#### Given information ####

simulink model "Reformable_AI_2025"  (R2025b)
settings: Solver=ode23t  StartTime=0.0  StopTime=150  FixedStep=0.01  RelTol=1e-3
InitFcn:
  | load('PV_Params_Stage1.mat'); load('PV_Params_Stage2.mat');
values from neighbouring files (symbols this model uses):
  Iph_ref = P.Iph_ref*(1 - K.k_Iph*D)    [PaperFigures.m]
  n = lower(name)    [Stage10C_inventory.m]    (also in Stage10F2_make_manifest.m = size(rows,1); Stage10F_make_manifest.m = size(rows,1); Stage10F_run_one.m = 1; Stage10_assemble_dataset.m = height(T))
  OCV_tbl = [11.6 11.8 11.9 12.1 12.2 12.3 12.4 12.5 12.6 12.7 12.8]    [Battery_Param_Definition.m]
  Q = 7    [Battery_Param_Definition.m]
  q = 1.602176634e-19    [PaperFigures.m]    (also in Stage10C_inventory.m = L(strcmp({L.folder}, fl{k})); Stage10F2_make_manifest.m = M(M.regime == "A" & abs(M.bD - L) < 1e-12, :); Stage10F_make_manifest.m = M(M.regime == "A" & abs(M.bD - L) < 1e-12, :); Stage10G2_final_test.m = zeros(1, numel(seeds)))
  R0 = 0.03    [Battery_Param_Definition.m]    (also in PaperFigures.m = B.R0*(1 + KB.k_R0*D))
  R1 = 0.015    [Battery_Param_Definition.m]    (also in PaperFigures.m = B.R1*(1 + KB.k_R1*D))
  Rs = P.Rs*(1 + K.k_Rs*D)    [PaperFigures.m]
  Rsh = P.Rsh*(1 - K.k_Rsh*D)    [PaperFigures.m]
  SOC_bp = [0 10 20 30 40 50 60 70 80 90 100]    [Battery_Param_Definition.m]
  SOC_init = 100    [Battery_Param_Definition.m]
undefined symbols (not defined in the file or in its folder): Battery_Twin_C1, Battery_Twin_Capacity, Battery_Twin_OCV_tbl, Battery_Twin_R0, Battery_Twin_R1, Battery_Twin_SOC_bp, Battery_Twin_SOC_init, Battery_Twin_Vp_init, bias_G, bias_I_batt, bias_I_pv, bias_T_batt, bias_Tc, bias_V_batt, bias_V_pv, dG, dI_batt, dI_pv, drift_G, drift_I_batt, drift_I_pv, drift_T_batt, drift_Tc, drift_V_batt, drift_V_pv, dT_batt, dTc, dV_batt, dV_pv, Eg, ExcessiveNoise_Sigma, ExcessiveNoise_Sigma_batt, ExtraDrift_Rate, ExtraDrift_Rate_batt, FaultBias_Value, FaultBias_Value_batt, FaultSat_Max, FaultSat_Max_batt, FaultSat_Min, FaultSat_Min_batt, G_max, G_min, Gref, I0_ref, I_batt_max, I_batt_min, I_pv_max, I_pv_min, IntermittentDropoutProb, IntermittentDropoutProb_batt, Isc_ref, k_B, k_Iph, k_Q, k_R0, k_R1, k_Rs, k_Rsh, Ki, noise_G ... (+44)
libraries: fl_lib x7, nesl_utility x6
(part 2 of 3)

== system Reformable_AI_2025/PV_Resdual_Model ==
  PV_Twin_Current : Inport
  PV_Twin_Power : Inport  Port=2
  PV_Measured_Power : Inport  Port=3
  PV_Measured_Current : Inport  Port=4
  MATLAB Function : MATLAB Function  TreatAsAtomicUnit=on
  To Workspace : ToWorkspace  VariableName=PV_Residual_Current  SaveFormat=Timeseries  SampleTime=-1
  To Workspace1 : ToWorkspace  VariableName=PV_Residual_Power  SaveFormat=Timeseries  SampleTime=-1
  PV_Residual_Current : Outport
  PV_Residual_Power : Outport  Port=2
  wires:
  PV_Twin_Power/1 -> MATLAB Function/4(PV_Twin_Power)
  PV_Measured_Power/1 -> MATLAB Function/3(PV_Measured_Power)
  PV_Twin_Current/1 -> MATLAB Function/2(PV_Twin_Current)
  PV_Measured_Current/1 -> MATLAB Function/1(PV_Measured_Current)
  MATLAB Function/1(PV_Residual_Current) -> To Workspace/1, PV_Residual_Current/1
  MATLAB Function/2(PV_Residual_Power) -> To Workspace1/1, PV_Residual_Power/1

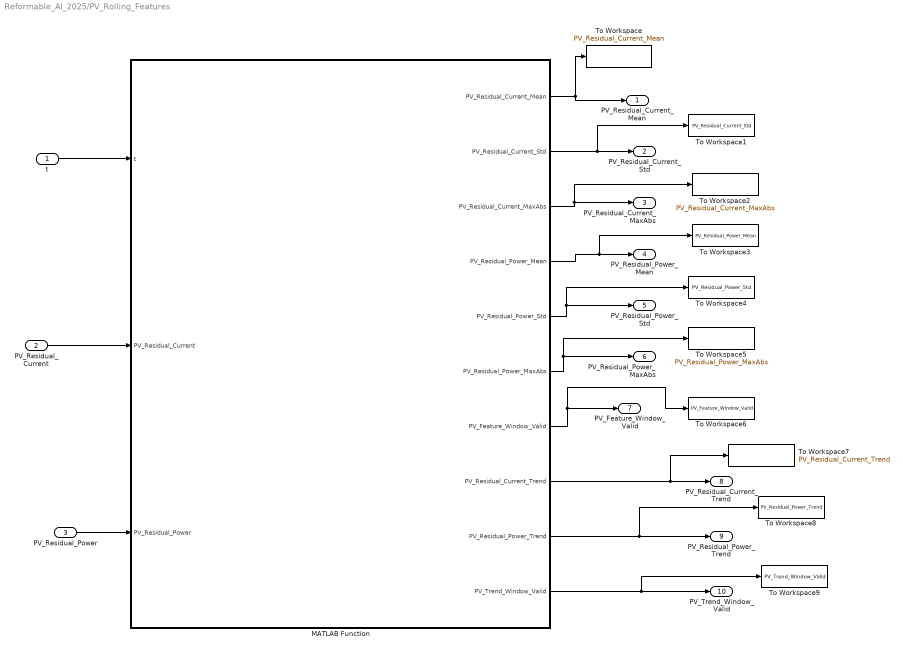
== system Reformable_AI_2025/PV_Rolling_Features ==
  t : Inport
  PV_Residual_Current : Inport  Port=2
  PV_Residual_Power : Inport  Port=3
  MATLAB Function : MATLAB Function  TreatAsAtomicUnit=on  SystemSampleTime=Stage9_Feature_SampleTime
  To Workspace : ToWorkspace  VariableName=PV_Residual_Current_Mean  SaveFormat=Timeseries  SampleTime=-1
  To Workspace1 : ToWorkspace  VariableName=PV_Residual_Current_Std  SaveFormat=Timeseries  SampleTime=-1
  To Workspace2 : ToWorkspace  VariableName=PV_Residual_Current_MaxAbs  SaveFormat=Timeseries  SampleTime=-1
  To Workspace3 : ToWorkspace  VariableName=PV_Residual_Power_Mean  SaveFormat=Timeseries  SampleTime=-1
  To Workspace4 : ToWorkspace  VariableName=PV_Residual_Power_Std  SaveFormat=Timeseries  SampleTime=-1
  To Workspace5 : ToWorkspace  VariableName=PV_Residual_Power_MaxAbs  SaveFormat=Timeseries  SampleTime=-1
  To Workspace6 : ToWorkspace  VariableName=PV_Feature_Window_Valid  SaveFormat=Timeseries  SampleTime=-1
  To Workspace7 : ToWorkspace  VariableName=PV_Residual_Current_Trend  SaveFormat=Timeseries  SampleTime=-1
  To Workspace8 : ToWorkspace  VariableName=PV_Residual_Power_Trend  SaveFormat=Timeseries  SampleTime=-1
  To Workspace9 : ToWorkspace  VariableName=PV_Trend_Window_Valid  SaveFormat=Timeseries  SampleTime=-1
  PV_Residual_Current_Mean : Outport
  PV_Residual_Current_Std : Outport  Port=2
  PV_Residual_Current_MaxAbs : Outport  Port=3
  PV_Residual_Power_Mean : Outport  Port=4
  PV_Residual_Power_Std : Outport  Port=5
  PV_Residual_Power_MaxAbs : Outport  Port=6
  PV_Feature_Window_Valid : Outport  Port=7
  PV_Residual_Current_Trend : Outport  Port=8
  PV_Residual_Power_Trend : Outport  Port=9
  PV_Trend_Window_Valid : Outport  Port=10
  wires:
  t/1 -> MATLAB Function/1(t)
  PV_Residual_Current/1 -> MATLAB Function/2(PV_Residual_Current)
  PV_Residual_Power/1 -> MATLAB Function/3(PV_Residual_Power)
  MATLAB Function/1(PV_Residual_Current_Mean) -> To Workspace/1, PV_Residual_Current_Mean/1
  MATLAB Function/2(PV_Residual_Current_Std) -> To Workspace1/1, PV_Residual_Current_Std/1
  MATLAB Function/3(PV_Residual_Current_MaxAbs) -> To Workspace2/1, PV_Residual_Current_MaxAbs/1
  MATLAB Function/4(PV_Residual_Power_Mean) -> To Workspace3/1, PV_Residual_Power_Mean/1
  MATLAB Function/5(PV_Residual_Power_Std) -> To Workspace4/1, PV_Residual_Power_Std/1
  MATLAB Function/6(PV_Residual_Power_MaxAbs) -> To Workspace5/1, PV_Residual_Power_MaxAbs/1
  MATLAB Function/7(PV_Feature_Window_Valid) -> To Workspace6/1, PV_Feature_Window_Valid/1
  MATLAB Function/8(PV_Residual_Current_Trend) -> To Workspace7/1, PV_Residual_Current_Trend/1
  MATLAB Function/9(PV_Residual_Power_Trend) -> To Workspace8/1, PV_Residual_Power_Trend/1
  MATLAB Function/10(PV_Trend_Window_Valid) -> To Workspace9/1, PV_Trend_Window_Valid/1

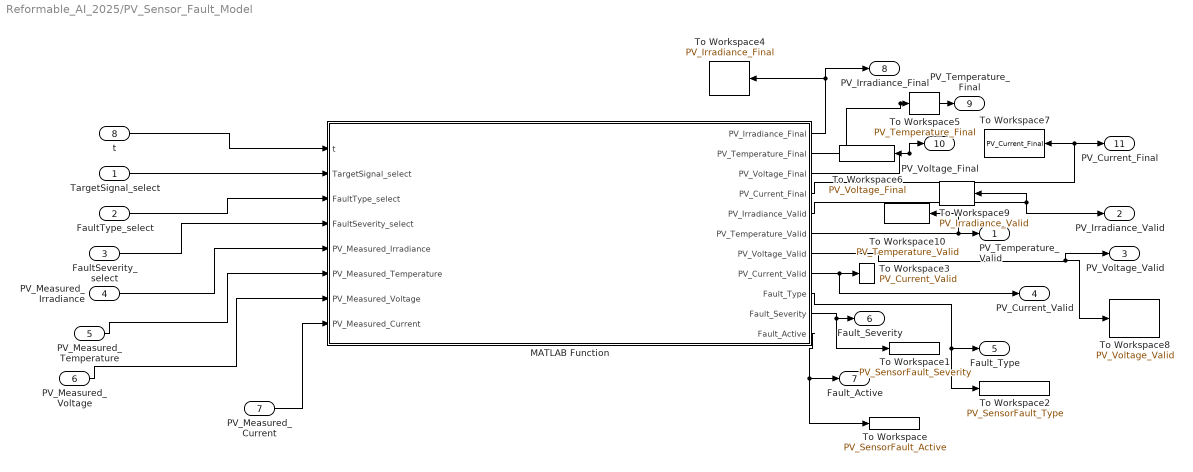
== system Reformable_AI_2025/PV_Sensor_Fault_Model ==
  TargetSignal_select : Inport
  FaultType_select : Inport  Port=2
  FaultSeverity_select : Inport  Port=3
  PV_Measured_Irradiance : Inport  Port=4
  PV_Measured_Temperature : Inport  Port=5
  PV_Measured_Voltage : Inport  Port=6
  PV_Measured_Current : Inport  Port=7
  t : Inport  Port=8
  MATLAB Function : MATLAB Function  TreatAsAtomicUnit=on
  To Workspace : ToWorkspace  VariableName=PV_SensorFault_Active  SaveFormat=Timeseries  SampleTime=-1
  To Workspace1 : ToWorkspace  VariableName=PV_SensorFault_Severity  SaveFormat=Timeseries  SampleTime=-1
  To Workspace10 : ToWorkspace  VariableName=PV_Temperature_Valid  SaveFormat=Timeseries  SampleTime=-1
  To Workspace2 : ToWorkspace  VariableName=PV_SensorFault_Type  SaveFormat=Timeseries  SampleTime=-1
  To Workspace3 : ToWorkspace  VariableName=PV_Current_Valid  SaveFormat=Timeseries  SampleTime=-1
  To Workspace4 : ToWorkspace  VariableName=PV_Irradiance_Final  SaveFormat=Timeseries  SampleTime=-1
  To Workspace5 : ToWorkspace  VariableName=PV_Temperature_Final  SaveFormat=Timeseries  SampleTime=-1
  To Workspace6 : ToWorkspace  VariableName=PV_Voltage_Final  SaveFormat=Timeseries  SampleTime=-1
  To Workspace7 : ToWorkspace  VariableName=PV_Current_Final  SaveFormat=Timeseries  SampleTime=-1
  To Workspace8 : ToWorkspace  VariableName=PV_Voltage_Valid  SaveFormat=Timeseries  SampleTime=-1
  To Workspace9 : ToWorkspace  VariableName=PV_Irradiance_Valid  SaveFormat=Timeseries  SampleTime=-1
  PV_Temperature_Valid : Outport
  PV_Irradiance_Valid : Outport  Port=2
  PV_Voltage_Valid : Outport  Port=3
  PV_Current_Valid : Outport  Port=4
  Fault_Type : Outport  Port=5
  Fault_Severity : Outport  Port=6
  Fault_Active : Outport  Port=7
  PV_Irradiance_Final : Outport  Port=8
  PV_Temperature_Final : Outport  Port=9
  PV_Voltage_Final : Outport  Port=10
  PV_Current_Final : Outport  Port=11
  wires:
  t/1 -> MATLAB Function/1(t)
  TargetSignal_select/1 -> MATLAB Function/2(TargetSignal_select)
  FaultType_select/1 -> MATLAB Function/3(FaultType_select)
  FaultSeverity_select/1 -> MATLAB Function/4(FaultSeverity_select)
  PV_Measured_Irradiance/1 -> MATLAB Function/5(PV_Measured_Irradiance)
  PV_Measured_Temperature/1 -> MATLAB Function/6(PV_Measured_Temperature)
  PV_Measured_Voltage/1 -> MATLAB Function/7(PV_Measured_Voltage)
  PV_Measured_Current/1 -> MATLAB Function/8(PV_Measured_Current)
  MATLAB Function/1(PV_Irradiance_Final) -> To Workspace4/1, PV_Irradiance_Final/1
  MATLAB Function/2(PV_Temperature_Final) -> To Workspace5/1, PV_Temperature_Final/1
  MATLAB Function/3(PV_Voltage_Final) -> PV_Voltage_Final/1, To Workspace6/1
  MATLAB Function/4(PV_Current_Final) -> PV_Current_Final/1, To Workspace7/1
  MATLAB Function/5(PV_Irradiance_Valid) -> PV_Irradiance_Valid/1, To Workspace9/1
  MATLAB Function/6(PV_Temperature_Valid) -> To Workspace10/1, PV_Temperature_Valid/1
  MATLAB Function/7(PV_Voltage_Valid) -> To Workspace8/1, PV_Voltage_Valid/1
  MATLAB Function/8(PV_Current_Valid) -> PV_Current_Valid/1, To Workspace3/1
  MATLAB Function/9(Fault_Type) -> Fault_Type/1, To Workspace2/1
  MATLAB Function/10(Fault_Severity) -> To Workspace1/1, Fault_Severity/1
  MATLAB Function/11(Fault_Active) -> Fault_Active/1, To Workspace/1

== system Reformable_AI_2025/PV_Twin_Valid_Operating_Point ==
  PV_Measured_Voltage : Inport
  PV_Measured_Irradiance : Inport  Port=2
  PV_Twin_Current : Inport  Port=3
  PV_Twin_Power : Inport  Port=4
  MATLAB Function : MATLAB Function  TreatAsAtomicUnit=on
  To Workspace : ToWorkspace  VariableName=PV_Twin_Valid_Operating_Point  SaveFormat=Timeseries  SampleTime=-1
  PV_Twin_Valid_Operating_Point : Outport
  wires:
  MATLAB Function/1(PV_Twin_Valid_Operating_Point) -> To Workspace/1, PV_Twin_Valid_Operating_Point/1
  PV_Measured_Voltage/1 -> MATLAB Function/1(PV_Measured_Voltage)
  PV_Measured_Irradiance/1 -> MATLAB Function/2(PV_Measured_Irradiance)
  PV_Twin_Current/1 -> MATLAB Function/3(PV_Twin_Current)
  PV_Twin_Power/1 -> MATLAB Function/4(PV_Twin_Power)

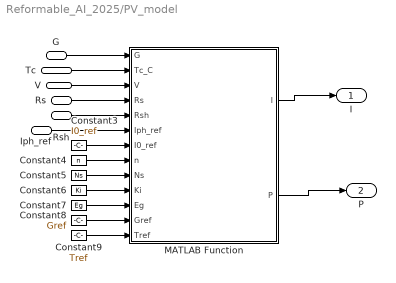
== system Reformable_AI_2025/PV_model ==
  G : Inport
  Tc : Inport  Port=2
  V : Inport  Port=3
  Rs : Inport  Port=4
  Rsh : Inport  Port=5
  Iph_ref : Inport  Port=6
  Constant3 : Constant  Value=I0_ref
  Constant4 : Constant  Value=n
  Constant5 : Constant  Value=Ns
  Constant6 : Constant  Value=Ki
  Constant7 : Constant  Value=Eg
  Constant8 : Constant  Value=Gref
  Constant9 : Constant  Value=Tref
  MATLAB Function : MATLAB Function  TreatAsAtomicUnit=on
  I : Outport
  P : Outport  Port=2
  wires:
  MATLAB Function/1(I) -> I/1
  G/1 -> MATLAB Function/1(G)
  Tc/1 -> MATLAB Function/2(Tc_C)
  V/1 -> MATLAB Function/3(V)
  MATLAB Function/2(P) -> P/1
  Rs/1 -> MATLAB Function/4(Rs)
  Rsh/1 -> MATLAB Function/5(Rsh)
  Iph_ref/1 -> MATLAB Function/6(Iph_ref)
  Constant3/1 -> MATLAB Function/7(I0_ref)
  Constant4/1 -> MATLAB Function/8(n)
  Constant5/1 -> MATLAB Function/9(Ns)
  Constant6/1 -> MATLAB Function/10(Ki)
  Constant7/1 -> MATLAB Function/11(Eg)
  Constant9/1 -> MATLAB Function/13(Tref)
  Constant8/1 -> MATLAB Function/12(Gref)

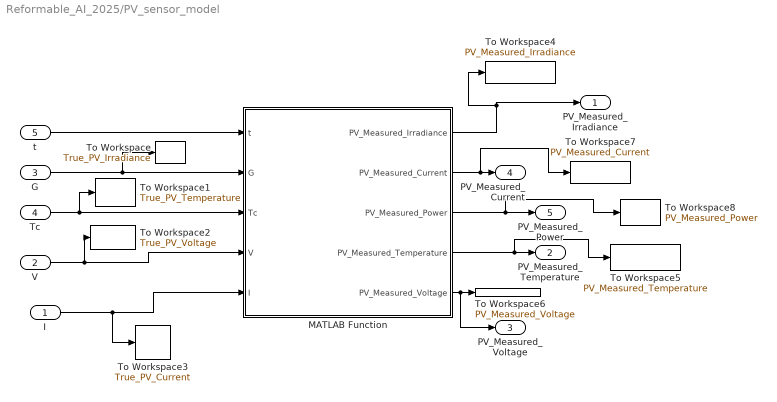
== system Reformable_AI_2025/PV_sensor_model ==
  I : Inport
  V : Inport  Port=2
  G : Inport  Port=3
  Tc : Inport  Port=4
  t : Inport  Port=5
  MATLAB Function : MATLAB Function  TreatAsAtomicUnit=on
  To Workspace : ToWorkspace  VariableName=True_PV_Irradiance  SaveFormat=Timeseries  SampleTime=-1
  To Workspace1 : ToWorkspace  VariableName=True_PV_Temperature  SaveFormat=Timeseries  SampleTime=-1
  To Workspace2 : ToWorkspace  VariableName=True_PV_Voltage  SaveFormat=Timeseries  SampleTime=-1
  To Workspace3 : ToWorkspace  VariableName=True_PV_Current  SaveFormat=Timeseries  SampleTime=-1
  To Workspace4 : ToWorkspace  VariableName=PV_Measured_Irradiance  SaveFormat=Timeseries  SampleTime=-1
  To Workspace5 : ToWorkspace  VariableName=PV_Measured_Temperature  SaveFormat=Timeseries  SampleTime=-1
  To Workspace6 : ToWorkspace  VariableName=PV_Measured_Voltage  SaveFormat=Timeseries  SampleTime=-1
  To Workspace7 : ToWorkspace  VariableName=PV_Measured_Current  SaveFormat=Timeseries  SampleTime=-1
  To Workspace8 : ToWorkspace  VariableName=PV_Measured_Power  SaveFormat=Timeseries  SampleTime=-1
  PV_Measured_Irradiance : Outport
  PV_Measured_Temperature : Outport  Port=2
  PV_Measured_Voltage : Outport  Port=3
  PV_Measured_Current : Outport  Port=4
  PV_Measured_Power : Outport  Port=5
  wires:
  Tc/1 -> To Workspace1/1, MATLAB Function/3(Tc)
  G/1 -> To Workspace/1, MATLAB Function/2(G)
  V/1 -> To Workspace2/1, MATLAB Function/4(V)
  t/1 -> MATLAB Function/1(t)
  MATLAB Function/1(PV_Measured_Irradiance) -> To Workspace4/1, PV_Measured_Irradiance/1
  I/1 -> To Workspace3/1, MATLAB Function/5(I)
  MATLAB Function/5(PV_Measured_Voltage) -> PV_Measured_Voltage/1, To Workspace6/1
  MATLAB Function/2(PV_Measured_Current) -> To Workspace7/1, PV_Measured_Current/1
  MATLAB Function/3(PV_Measured_Power) -> To Workspace8/1, PV_Measured_Power/1
  MATLAB Function/4(PV_Measured_Temperature) -> To Workspace5/1, PV_Measured_Temperature/1

== matlab function Reformable_AI_2025/PV_Fault_Model/MATLAB Function ==
  data: t input; Rs_fault output; Rs_aged input; Rsh_aged input; Iph_ref_aged input; FaultType_select input; FaultSeverity_select input; Rsh_fault output; Iph_fault output; Fault_Type output; Fault_Severity output; Fault_Active output; Fault_TempRise output
function [Rs_fault, Rsh_fault, Iph_fault, Fault_Type, Fault_Severity, Fault_Active, Fault_TempRise] = ...
    fcn(t, Rs_aged, Rsh_aged, Iph_ref_aged, FaultType_select, FaultSeverity_select)

% TwinAdapt-PHM Stage 5: PV Fault Injection
% Faults modify DEGRADED (aged) parameters, never nameplate/reference values.
% FaultType_select: 0=Healthy 1=Shading 2=Soiling 3=Hotspot 4=PID 5=OpenCircuit 6=ShortCircuit
% FaultSeverity_select: 0 (no fault) to 1 (fully severe)

s = max(0, min(1, FaultSeverity_select));  % clamp severity to [0,1]
ft = round(FaultType_select);

% Defaults: pass-through (Healthy)
Rs_fault  = Rs_aged;
Rsh_fault = Rsh_aged;
Iph_fault = Iph_ref_aged;
Fault_TempRise = 0;
Fault_Active = (ft ~= 0) && (s > 0);

switch ft

    case 0  % Healthy
        Fault_Type = 0;
        Fault_Severity = 0;

    case 1  % Partial Shading -> reduces Iph
        ShadeFactor = s;                      % up to 100% reduction at s=1
        Iph_fault = Iph_ref_aged * (1 - ShadeFactor);
        Fault_Type = 1;
        Fault_Severity = s;

    case 2  % Soiling -> mild Iph reduction + slight temp rise
        Iph_fault = Iph_ref_aged * (1 - 0.3*s);   % gentler than shading
        Fault_TempRise = 5 * s;                   % degC, gradual heating
        Fault_Type = 2;
        Fault_Severity = s;

    case 3  % Hotspot -> increases Rs, raises temperature
        k_hotspot = 4.0;                          % tunable multiplier gain
        Rs_fault = Rs_aged * (1 + k_hotspot*s);
        Fault_TempRise = 40 * s;                   % degC, hotspots run hot
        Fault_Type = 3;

####

Task item: In the listing above, start at the line with "MATLAB Function/4(PV_Measured_Temperature) ->", go on through the line with "data: t input;", and copy each of those lines exactly; leave out all the rest.

Solution:
  MATLAB Function/4(PV_Measured_Temperature) -> To Workspace5/1, PV_Measured_Temperature/1

== matlab function Reformable_AI_2025/PV_Fault_Model/MATLAB Function ==
  data: t input; Rs_fault output; Rs_aged input; Rsh_aged input; Iph_ref_aged input; FaultType_select input; FaultSeverity_select input; Rsh_fault output; Iph_fault output; Fault_Type output; Fault_Severity output; Fault_Active output; Fault_TempRise output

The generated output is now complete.